Comparable approaches have been explored in other studies using statistical classification or machine learning models for bloom detection. For instance, Huang et al. [55] used linear discriminant analysis for classifying cyanobacterial blooms, while Yun [56] applied logistic regression to predict bloom probability using MODIS-derived indices. Our study contributes to this growing body of research by demonstrating that even relatively simple models, when combined with a carefully selected index like FAI, can provide reliable classification in shallow, estuarine environments.

The methodology developed here can support ongoing monitoring efforts in estuarine and coastal environments. The FAI-based classification, when applied to high-quality satellite imagery, effectively identifies algal mats and enables spatially explicit assessments of bloom extent. As remote sensing technology advances and new sensors with higher spectral and spatial resolution become available, the potential to differentiate algal species through spectral signatures may further enhance detection capabilities. For example, previous research on phytoplankton blooms suggests that the use of hyperspectral data could enable more refined classification of bloom species [57,58,59].
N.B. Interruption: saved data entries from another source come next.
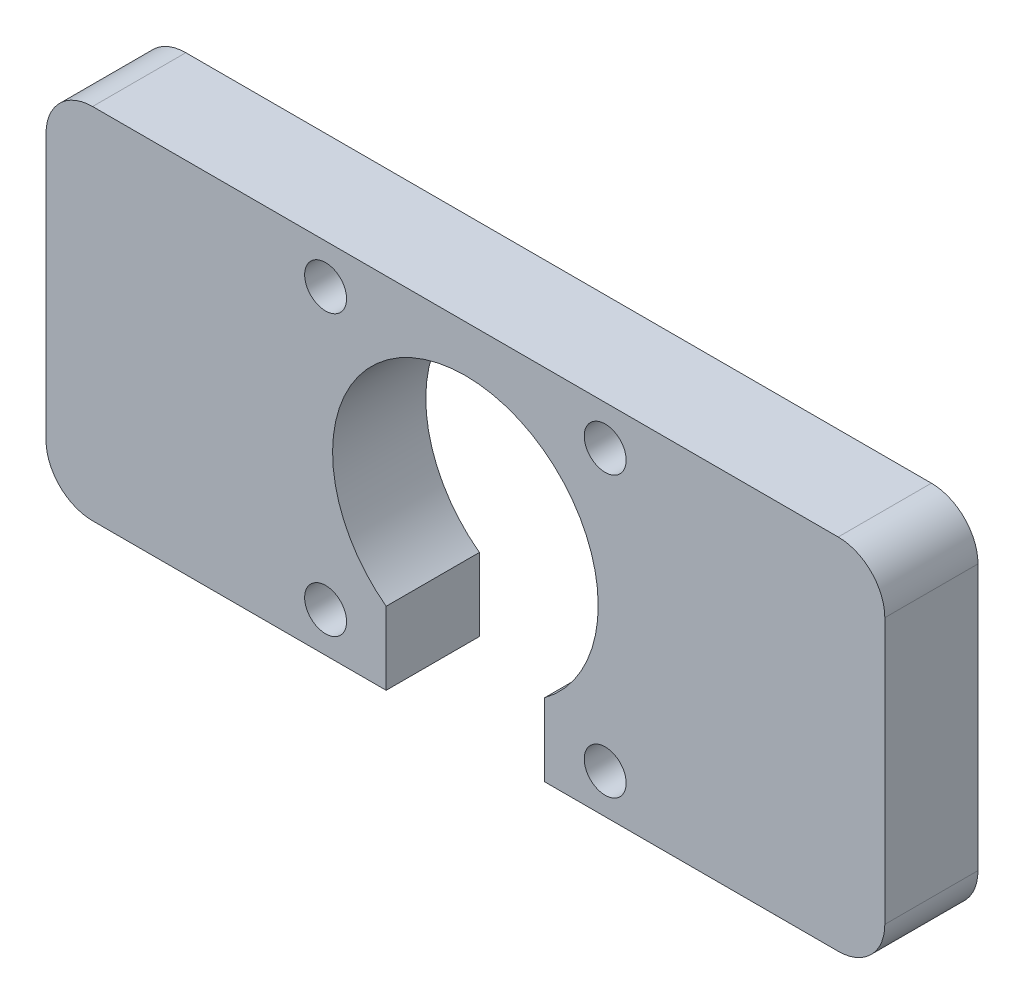
ISO-10303-21;
HEADER;
FILE_DESCRIPTION(('STEP AP214'),'2;1');
FILE_NAME('part.step','',(''),(''),'','','');
FILE_SCHEMA(('AUTOMOTIVE_DESIGN { 1 0 10303 214 1 1 1 1 }'));
ENDSEC;
DATA;
#1=APPLICATION_CONTEXT('core data for automotive mechanical design processes');
#2=APPLICATION_PROTOCOL_DEFINITION('international standard','automotive_design',2000,#1);
#3=PRODUCT_CONTEXT('',#1,'mechanical');
#4=PRODUCT('Part','Part','',(#3));
#5=PRODUCT_RELATED_PRODUCT_CATEGORY('part','',(#4));
#6=PRODUCT_DEFINITION_FORMATION('','',#4);
#7=PRODUCT_DEFINITION_CONTEXT('part definition',#1,'design');
#8=PRODUCT_DEFINITION('design','',#6,#7);
#9=PRODUCT_DEFINITION_SHAPE('','',#8);
#10=(LENGTH_UNIT() NAMED_UNIT(*) SI_UNIT(.MILLI.,.METRE.));
#11=(NAMED_UNIT(*) PLANE_ANGLE_UNIT() SI_UNIT($,.RADIAN.));
#12=(NAMED_UNIT(*) SI_UNIT($,.STERADIAN.) SOLID_ANGLE_UNIT());
#13=UNCERTAINTY_MEASURE_WITH_UNIT(LENGTH_MEASURE(1.E-05),#10,'distance_accuracy_value','');
#14=(GEOMETRIC_REPRESENTATION_CONTEXT(3) GLOBAL_UNCERTAINTY_ASSIGNED_CONTEXT((#13)) GLOBAL_UNIT_ASSIGNED_CONTEXT((#10,
#11,#12)) REPRESENTATION_CONTEXT('',''));
#15=CARTESIAN_POINT('',(0.,0.,0.));
#16=DIRECTION('',(0.,0.,1.));
#17=DIRECTION('',(1.,0.,0.));
#18=AXIS2_PLACEMENT_3D('',#15,#16,#17);
#19=CARTESIAN_POINT('',(0.,-19.2499999999987,10.));
#20=DIRECTION('',(0.,1.,0.));
#21=DIRECTION('',(0.,0.,1.));
#22=AXIS2_PLACEMENT_3D('',#19,#20,#21);
#23=PLANE('',#22);
#24=DIRECTION('',(1.,0.,0.));
#25=VECTOR('',#24,1.);
#26=CARTESIAN_POINT('',(0.,-19.2499999999987,0.));
#27=LINE('',#26,#25);
#28=CARTESIAN_POINT('',(8.5,-19.2499999999987,0.));
#29=VERTEX_POINT('',#28);
#30=CARTESIAN_POINT('',(40.0000000000002,-19.2499999999987,0.));
#31=VERTEX_POINT('',#30);
#32=EDGE_CURVE('E169',#29,#31,#27,.T.);
#33=ORIENTED_EDGE('',*,*,#32,.T.);
#34=DIRECTION('',(0.,0.,-1.));
#35=VECTOR('',#34,1.);
#36=CARTESIAN_POINT('',(40.0000000000002,-19.2499999999987,10.));
#37=LINE('',#36,#35);
#38=CARTESIAN_POINT('',(40.0000000000002,-19.2499999999987,10.));
#39=VERTEX_POINT('',#38);
#40=EDGE_CURVE('E11',#39,#31,#37,.T.);
#41=ORIENTED_EDGE('',*,*,#40,.F.);
#42=DIRECTION('',(1.,0.,0.));
#43=VECTOR('',#42,1.);
#44=CARTESIAN_POINT('',(0.,-19.2499999999987,10.));
#45=LINE('',#44,#43);
#46=CARTESIAN_POINT('',(8.5,-19.2499999999987,10.));
#47=VERTEX_POINT('',#46);
#48=EDGE_CURVE('E239',#47,#39,#45,.T.);
#49=ORIENTED_EDGE('',*,*,#48,.F.);
#50=DIRECTION('',(0.,0.,-1.));
#51=VECTOR('',#50,1.);
#52=CARTESIAN_POINT('',(8.5,-19.2499999999987,10.));
#53=LINE('',#52,#51);
#54=EDGE_CURVE('E52',#47,#29,#53,.T.);
#55=ORIENTED_EDGE('',*,*,#54,.T.);
#56=EDGE_LOOP('',(#33,#41,#49,#55));
#57=FACE_BOUND('',#56,.T.);
#58=ADVANCED_FACE('F35',(#57),#23,.F.);
#59=CARTESIAN_POINT('',(40.0000000000002,-14.2499999999987,10.));
#60=DIRECTION('',(0.,0.,-1.));
#61=DIRECTION('',(-1.,0.,0.));
#62=AXIS2_PLACEMENT_3D('',#59,#60,#61);
#63=CYLINDRICAL_SURFACE('',#62,5.);
#64=CARTESIAN_POINT('',(40.0000000000002,-14.2499999999987,0.));
#65=DIRECTION('',(0.,0.,1.));
#66=DIRECTION('',(1.,0.,0.));
#67=AXIS2_PLACEMENT_3D('',#64,#65,#66);
#68=CIRCLE('',#67,5.);
#69=CARTESIAN_POINT('',(45.0000000000002,-14.2499999999987,0.));
#70=VERTEX_POINT('',#69);
#71=EDGE_CURVE('E171',#31,#70,#68,.T.);
#72=ORIENTED_EDGE('',*,*,#71,.T.);
#73=DIRECTION('',(0.,0.,-1.));
#74=VECTOR('',#73,1.);
#75=CARTESIAN_POINT('',(45.0000000000002,-14.2499999999987,10.));
#76=LINE('',#75,#74);
#77=CARTESIAN_POINT('',(45.0000000000002,-14.2499999999987,10.));
#78=VERTEX_POINT('',#77);
#79=EDGE_CURVE('E44',#78,#70,#76,.T.);
#80=ORIENTED_EDGE('',*,*,#79,.F.);
#81=CARTESIAN_POINT('',(40.0000000000002,-14.2499999999987,10.));
#82=DIRECTION('',(0.,0.,1.));
#83=DIRECTION('',(1.,0.,0.));
#84=AXIS2_PLACEMENT_3D('',#81,#82,#83);
#85=CIRCLE('',#84,5.);
#86=EDGE_CURVE('E102',#39,#78,#85,.T.);
#87=ORIENTED_EDGE('',*,*,#86,.F.);
#88=ORIENTED_EDGE('',*,*,#40,.T.);
#89=EDGE_LOOP('',(#72,#80,#87,#88));
#90=FACE_BOUND('',#89,.T.);
#91=ADVANCED_FACE('F222',(#90),#63,.T.);
#92=CARTESIAN_POINT('',(45.0000000000002,0.,10.));
#93=DIRECTION('',(1.,0.,0.));
#94=DIRECTION('',(0.,0.,-1.));
#95=AXIS2_PLACEMENT_3D('',#92,#93,#94);
#96=PLANE('',#95);
#97=DIRECTION('',(0.,-1.,0.));
#98=VECTOR('',#97,1.);
#99=CARTESIAN_POINT('',(45.0000000000002,0.,0.));
#100=LINE('',#99,#98);
#101=CARTESIAN_POINT('',(45.0000000000002,14.2499999999981,0.));
#102=VERTEX_POINT('',#101);
#103=EDGE_CURVE('E174',#102,#70,#100,.T.);
#104=ORIENTED_EDGE('',*,*,#103,.F.);
#105=DIRECTION('',(0.,0.,-1.));
#106=VECTOR('',#105,1.);
#107=CARTESIAN_POINT('',(45.0000000000002,14.2499999999981,10.));
#108=LINE('',#107,#106);
#109=CARTESIAN_POINT('',(45.0000000000002,14.2499999999981,10.));
#110=VERTEX_POINT('',#109);
#111=EDGE_CURVE('E215',#110,#102,#108,.T.);
#112=ORIENTED_EDGE('',*,*,#111,.F.);
#113=DIRECTION('',(0.,-1.,0.));
#114=VECTOR('',#113,1.);
#115=CARTESIAN_POINT('',(45.0000000000002,0.,10.));
#116=LINE('',#115,#114);
#117=EDGE_CURVE('E221',#110,#78,#116,.T.);
#118=ORIENTED_EDGE('',*,*,#117,.T.);
#119=ORIENTED_EDGE('',*,*,#79,.T.);
#120=EDGE_LOOP('',(#104,#112,#118,#119));
#121=FACE_BOUND('',#120,.T.);
#122=ADVANCED_FACE('F219',(#121),#96,.T.);
#123=CARTESIAN_POINT('',(40.0000000000002,14.2499999999982,10.));
#124=DIRECTION('',(0.,0.,-1.));
#125=DIRECTION('',(-1.,0.,0.));
#126=AXIS2_PLACEMENT_3D('',#123,#124,#125);
#127=CYLINDRICAL_SURFACE('',#126,5.);
#128=CARTESIAN_POINT('',(40.0000000000002,14.2499999999982,0.));
#129=DIRECTION('',(0.,0.,1.));
#130=DIRECTION('',(1.,0.,0.));
#131=AXIS2_PLACEMENT_3D('',#128,#129,#130);
#132=CIRCLE('',#131,5.);
#133=CARTESIAN_POINT('',(40.0000000000002,19.2499999999982,0.));
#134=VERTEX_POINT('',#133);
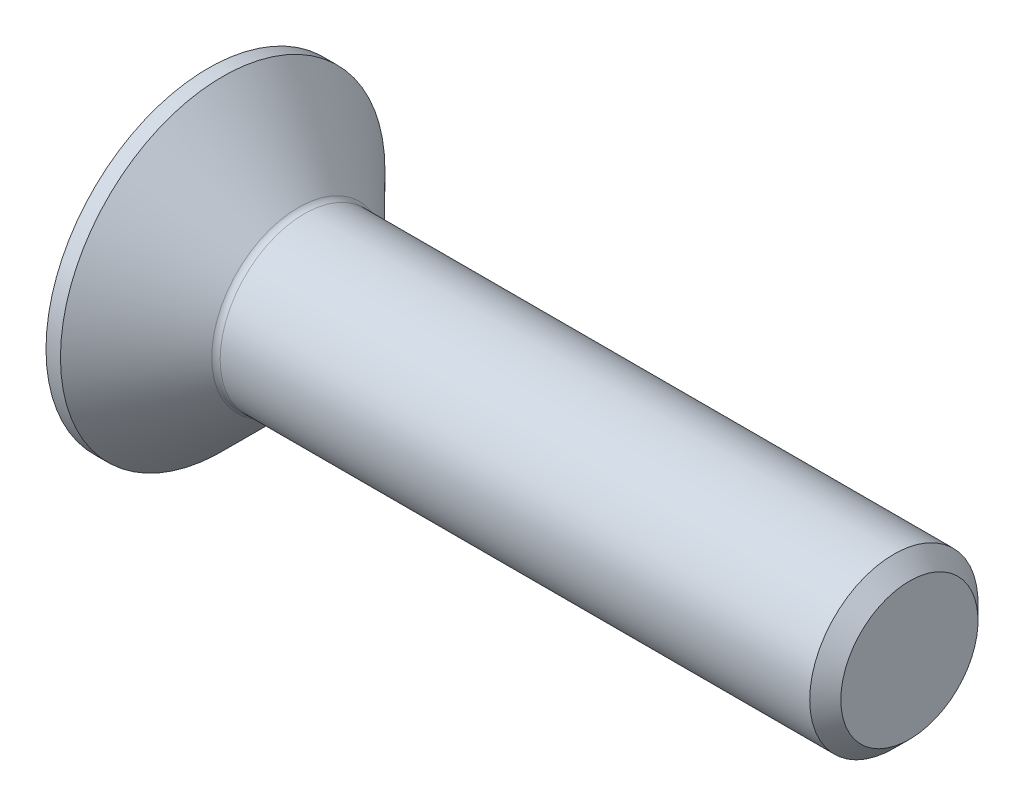
ISO-10303-21;
HEADER;
FILE_DESCRIPTION(('STEP AP214'),'2;1');
FILE_NAME('part.step','',(''),(''),'','','');
FILE_SCHEMA(('AUTOMOTIVE_DESIGN { 1 0 10303 214 1 1 1 1 }'));
ENDSEC;
DATA;
#1=APPLICATION_CONTEXT('core data for automotive mechanical design processes');
#2=APPLICATION_PROTOCOL_DEFINITION('international standard','automotive_design',2000,#1);
#3=PRODUCT_CONTEXT('',#1,'mechanical');
#4=PRODUCT('Part','Part','',(#3));
#5=PRODUCT_RELATED_PRODUCT_CATEGORY('part','',(#4));
#6=PRODUCT_DEFINITION_FORMATION('','',#4);
#7=PRODUCT_DEFINITION_CONTEXT('part definition',#1,'design');
#8=PRODUCT_DEFINITION('design','',#6,#7);
#9=PRODUCT_DEFINITION_SHAPE('','',#8);
#10=(LENGTH_UNIT() NAMED_UNIT(*) SI_UNIT(.MILLI.,.METRE.));
#11=(NAMED_UNIT(*) PLANE_ANGLE_UNIT() SI_UNIT($,.RADIAN.));
#12=(NAMED_UNIT(*) SI_UNIT($,.STERADIAN.) SOLID_ANGLE_UNIT());
#13=UNCERTAINTY_MEASURE_WITH_UNIT(LENGTH_MEASURE(1.E-05),#10,'distance_accuracy_value','');
#14=(GEOMETRIC_REPRESENTATION_CONTEXT(3) GLOBAL_UNCERTAINTY_ASSIGNED_CONTEXT((#13)) GLOBAL_UNIT_ASSIGNED_CONTEXT((#10,
#11,#12)) REPRESENTATION_CONTEXT('',''));
#15=CARTESIAN_POINT('',(0.,0.,0.));
#16=DIRECTION('',(0.,0.,1.));
#17=DIRECTION('',(1.,0.,0.));
#18=AXIS2_PLACEMENT_3D('',#15,#16,#17);
#19=CARTESIAN_POINT('',(0.,0.,0.));
#20=DIRECTION('',(-1.,0.,0.));
#21=DIRECTION('',(0.,0.,1.));
#22=AXIS2_PLACEMENT_3D('',#19,#20,#21);
#23=PLANE('',#22);
#24=CARTESIAN_POINT('',(0.,0.,0.));
#25=DIRECTION('',(-1.,0.,0.));
#26=DIRECTION('',(0.,0.,1.));
#27=AXIS2_PLACEMENT_3D('',#24,#25,#26);
#28=CIRCLE('',#27,5.785);
#29=CARTESIAN_POINT('',(0.,0.,5.785));
#30=VERTEX_POINT('',#29);
#31=EDGE_CURVE('E158',#30,#30,#28,.T.);
#32=ORIENTED_EDGE('',*,*,#31,.T.);
#33=EDGE_LOOP('',(#32));
#34=FACE_BOUND('',#33,.T.);
#35=DIRECTION('',(0.,-0.5,-0.866025403784439));
#36=VECTOR('',#35,1.);
#37=CARTESIAN_POINT('',(0.,-1.16047404107115,2.01));
#38=LINE('',#37,#36);
#39=CARTESIAN_POINT('',(0.,-1.16047404107115,2.01));
#40=VERTEX_POINT('',#39);
#41=CARTESIAN_POINT('',(0.,-2.32094808214229,0.));
#42=VERTEX_POINT('',#41);
#43=EDGE_CURVE('E120',#40,#42,#38,.T.);
#44=ORIENTED_EDGE('',*,*,#43,.T.);
#45=DIRECTION('',(0.,0.5,-0.866025403784439));
#46=VECTOR('',#45,1.);
#47=CARTESIAN_POINT('',(0.,-2.32094808214229,0.));
#48=LINE('',#47,#46);
#49=CARTESIAN_POINT('',(0.,-1.16047404107115,-2.01));
#50=VERTEX_POINT('',#49);
#51=EDGE_CURVE('E50',#42,#50,#48,.T.);
#52=ORIENTED_EDGE('',*,*,#51,.T.);
#53=DIRECTION('',(0.,1.,0.));
#54=VECTOR('',#53,1.);
#55=CARTESIAN_POINT('',(0.,-1.16047404107115,-2.01));
#56=LINE('',#55,#54);
#57=CARTESIAN_POINT('',(0.,1.16047404107115,-2.01));
#58=VERTEX_POINT('',#57);
#59=EDGE_CURVE('E135',#50,#58,#56,.T.);
#60=ORIENTED_EDGE('',*,*,#59,.T.);
#61=DIRECTION('',(0.,0.5,0.866025403784439));
#62=VECTOR('',#61,1.);
#63=CARTESIAN_POINT('',(0.,1.16047404107115,-2.01));
#64=LINE('',#63,#62);
#65=CARTESIAN_POINT('',(0.,2.32094808214229,0.));
#66=VERTEX_POINT('',#65);
#67=EDGE_CURVE('E271',#58,#66,#64,.T.);
#68=ORIENTED_EDGE('',*,*,#67,.T.);
#69=DIRECTION('',(0.,-0.5,0.866025403784439));
#70=VECTOR('',#69,1.);
#71=CARTESIAN_POINT('',(0.,2.32094808214229,0.));
#72=LINE('',#71,#70);
#73=CARTESIAN_POINT('',(0.,1.16047404107115,2.01));
#74=VERTEX_POINT('',#73);
#75=EDGE_CURVE('E274',#66,#74,#72,.T.);
#76=ORIENTED_EDGE('',*,*,#75,.T.);
#77=DIRECTION('',(0.,-1.,0.));
#78=VECTOR('',#77,1.);
#79=CARTESIAN_POINT('',(0.,1.16047404107115,2.01));
#80=LINE('',#79,#78);
#81=EDGE_CURVE('E277',#74,#40,#80,.T.);
#82=ORIENTED_EDGE('',*,*,#81,.T.);
#83=EDGE_LOOP('',(#44,#52,#60,#68,#76,#82));
#84=FACE_BOUND('',#83,.T.);
#85=ADVANCED_FACE('F35',(#34,#84),#23,.T.);
#86=CARTESIAN_POINT('',(0.,0.,0.));
#87=DIRECTION('',(-1.,0.,0.));
#88=DIRECTION('',(0.,0.,1.));
#89=AXIS2_PLACEMENT_3D('',#86,#87,#88);
#90=CYLINDRICAL_SURFACE('',#89,5.785);
#91=CARTESIAN_POINT('',(0.51500000000001,0.,0.));
#92=DIRECTION('',(-1.,0.,0.));
#93=DIRECTION('',(0.,0.,1.));
#94=AXIS2_PLACEMENT_3D('',#91,#92,#93);
#95=CIRCLE('',#94,5.785);
#96=CARTESIAN_POINT('',(0.51500000000001,0.,5.785));
#97=VERTEX_POINT('',#96);
#98=EDGE_CURVE('E155',#97,#97,#95,.T.);
#99=ORIENTED_EDGE('',*,*,#98,.T.);
#100=EDGE_LOOP('',(#99));
#101=FACE_BOUND('',#100,.T.);
#102=ORIENTED_EDGE('',*,*,#31,.F.);
#103=EDGE_LOOP('',(#102));
#104=FACE_BOUND('',#103,.T.);
#105=ADVANCED_FACE('F179',(#101,#104),#90,.T.);
#106=CARTESIAN_POINT('',(0.51500000000001,0.,0.));
#107=DIRECTION('',(-1.,0.,0.));
#108=DIRECTION('',(0.,0.,1.));
#109=AXIS2_PLACEMENT_3D('',#106,#107,#108);
#110=CONICAL_SURFACE('',#109,5.785,0.78539816339745);
#111=CARTESIAN_POINT('',(3.21213203435599,0.,0.));
#112=DIRECTION('',(-1.,0.,0.));
#113=DIRECTION('',(0.,0.,1.));
#114=AXIS2_PLACEMENT_3D('',#111,#112,#113);
#115=CIRCLE('',#114,3.08786796564401);
#116=CARTESIAN_POINT('',(3.21213203435599,0.,3.08786796564401));
#117=VERTEX_POINT('',#116);
#118=EDGE_CURVE('E43',#117,#117,#115,.T.);
#119=ORIENTED_EDGE('',*,*,#118,.T.);
#120=EDGE_LOOP('',(#119));
#121=FACE_BOUND('',#120,.T.);
#122=ORIENTED_EDGE('',*,*,#98,.F.);
#123=EDGE_LOOP('',(#122));
#124=FACE_BOUND('',#123,.T.);
#125=ADVANCED_FACE('F163',(#121,#124),#110,.T.);
#126=CARTESIAN_POINT('',(0.,0.,0.));
#127=DIRECTION('',(-1.,0.,0.));
#128=DIRECTION('',(0.,0.,1.));
#129=AXIS2_PLACEMENT_3D('',#126,#127,#128);
#130=CYLINDRICAL_SURFACE('',#129,2.99999999999997);
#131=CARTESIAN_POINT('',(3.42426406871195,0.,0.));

Future research should focus on expanding the logistic regression model to incorporate additional environmental variables, such as water temperature, nutrient levels, and seasonal factors. Incorporating lagged or time-series variables through dynamic regression approaches could substantially improve the model’s predictive capacity. Integrating satellite-derived indices with hydrological and meteorological data will ultimately enable the development of early warning systems for algal blooms, supporting more timely and targeted management responses.

5. Conclusions

This study demonstrates that the combination of multispectral satellite imagery with spectral index-based classification and logistic regression modeling provides a reliable, low-cost approach to detecting macroalgal blooms in estuarine environments. Through comparative analysis of six widely used spectral indices, the Floating Algae Index (FAI) was identified as the most accurate for detecting surface-floating macroalgae in the optically complex waters of Tuggerah Lakes. The logistic regression model, calibrated using FAI values and validated through bootstrapping, proved effective in classifying bloom and non-bloom states with high accuracy and low classification error.

While the model is not predictive in a temporal sense—since it relies on contemporaneous imagery—it offers a practical tool for spatially explicit bloom detection where in situ monitoring is not feasible. These results lay the groundwork for further development of predictive frameworks that integrate remote sensing data with environmental and hydrological variables. Future research could enhance this approach by incorporating time-series modeling, machine learning, and higher resolution or hyperspectral imagery to improve bloom forecasting and species-level discrimination.

Finally, the methods outlined here support the advancement of remote sensing as a key component of estuarine monitoring programs, offering scalable and transferable solutions for managing algal bloom impacts in coastal regions globally.